O presidente mais jovem a assumir o cargo foi Fernando Collor, aos 40 anos, em 1990. O presidente mais idoso a tomar posse foi Luiz Inácio Lula da Silva, aos 77 anos, em 2023. Antes dele, o mais idoso foi Michel Temer, aos 75 anos, em 2016. Tancredo Neves foi eleito aos 74 anos, sendo, então, o mais idoso a ser eleito presidente, mas morreu antes de tomar posse, assim como Rodrigues Alves, que foi eleito para um segundo mandato aos 69 anos. Getúlio Vargas assumiu o cargo em seu segundo mandato aos 68 anos, sendo assim o terceiro mais idoso a assumir a presidência, depois de Temer e Lula.Foram depostos três presidentes: Washington Luís em 1930, Getúlio Vargas em 1945 (que formalmente renunciou à presidência), João Goulart em 1964. Costa e Silva foi afastado do cargo por motivos de saúde, em 1969. Foram eleitos e não tomaram posse Rodrigues Alves que morreu de gripe espanhola, Júlio Prestes, por causa da revolução de 1930, e Tancredo Neves, por motivo de doença e morte. Júlio Prestes foi o único político eleito presidente da república, pelo voto popular, que foi impedido de tomar posse. Renunciaram os presidentes Deodoro da Fonseca em 1891, Vargas em 1945 (forçadamente), Jânio Quadros em 1961, e Fernando Collor de Mello em 1992. Cinco presidentes enfrentaram processo de impeachment, sendo: Carlos Luz e Café Filho, ambos em novembro de 1955 e ambos aprovados (observação: Café Filho havia anteriormente se licenciado da Presidência, por problemas médicos); Getúlio Vargas (1954), cujo processo foi rejeitado pela Câmara Federal; Fernando Collor (1992), que, mesmo tendo renunciado, teve seus direitos políticos cassados por oito anos pelo Senado Federal, e Dilma Rousseff (2016), afastada definitivamente do cargo em 31 de agosto de 2016, assumindo o cargo, o seu vice-presidente Michel Temer. Dilma, porém, teve preservados os seus direitos políticos em votação em separado pelo Senado.
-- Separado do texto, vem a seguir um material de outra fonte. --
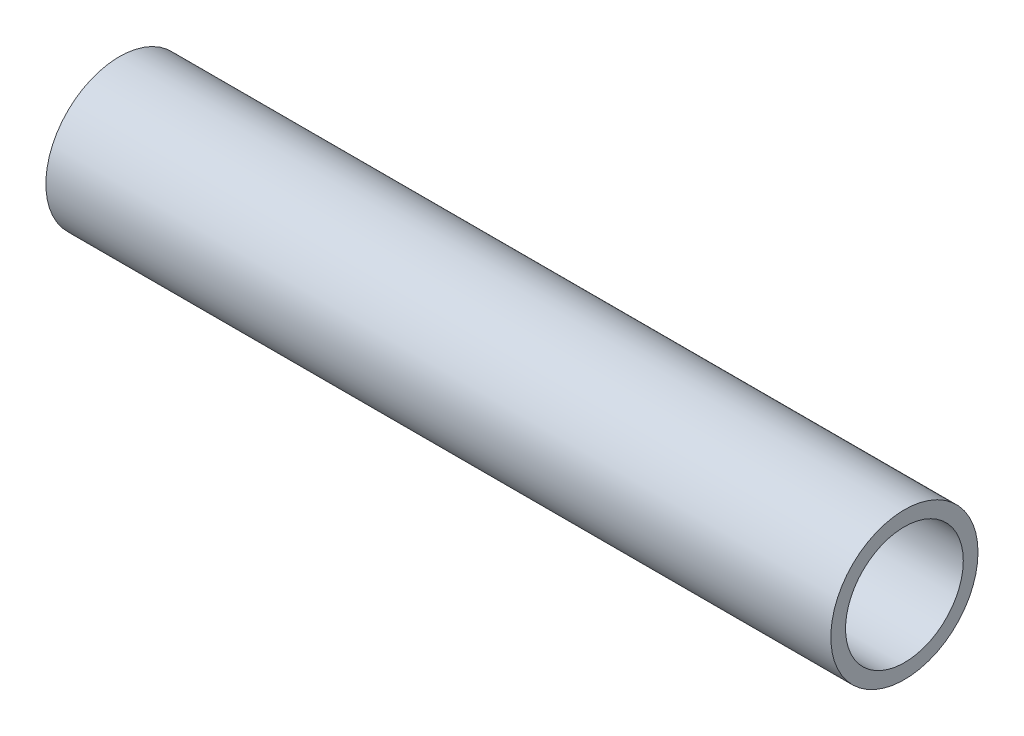
SolidWorks part; units mm, degrees
material "Plain Carbon Steel"
ref_plane "Front Plane" through (0, 0, 0) normal (0, 0, 1) x (1, 0, 0)
ref_plane "Top Plane" through (0, 0, 0) normal (0, 1, 0) x (1, 0, 0)
ref_plane "Right Plane" through (0, 0, 0) normal (1, 0, 0) x (0, 0, -1)
sketch "Sketch1" plane through (0, 0, 0) normal (1, 0, 0) x (0, 0, -1)
  circle A0 centre (0, 0) radius 7.5
  circle A1 centre (0, 0) radius 6
  dimension "D1" = 15
  dimension "D2" = 12
extrude "Boss-Extrude1" add sketch "Sketch1" along normal blind 40 and the other way blind 40

Sete presidentes do STF já assumiram a Presidência da República: destes, somente José Linhares assumiu a presidência em caráter definitivo, em 1945, após a renúncia de Getúlio Vargas, e governou até a posse de Eurico Dutra em 1946. José Linhares assumiu a presidência porque a Constituição de 1937 não contemplava o cargo de vice-presidente e não havia, no Estado Novo, um Congresso Nacional funcionando, assim o primeiro sucessor do presidente da república era o presidente do STF. Os demais presidentes do STF citados a seguir assumiram em caráter interino, em virtude da ausência temporária do respectivo titular: Moreira Alves (1986), Octavio Gallotti (1994, em duas ocasiões), Marco Aurélio (2002, em cinco oportunidades), Ricardo Lewandowski (2014), Cármen Lúcia (2018) e Dias Toffoli (2018). A ascensão de Cármen deu-se por cinco vezes durante o ano de 2018: nos dias 13 e 14 de abril, no dia 18 de junho, nos dias 17 e 18 de julho, entre os dias 23 e 28 de julho e no dia 15 de agosto. Em todas as vezes que assumiu, se deu pelo fato de que o cargo de vice-presidente encontrava-se vago e os presidentes da Câmara, Rodrigo Maia, e do Senado, Eunício Oliveira, tiveram que sair do país devido a legislação eleitoral os tornarem inelegíveis para certos cargos caso assumissem o comando do Executivo nos seis meses antes da eleição.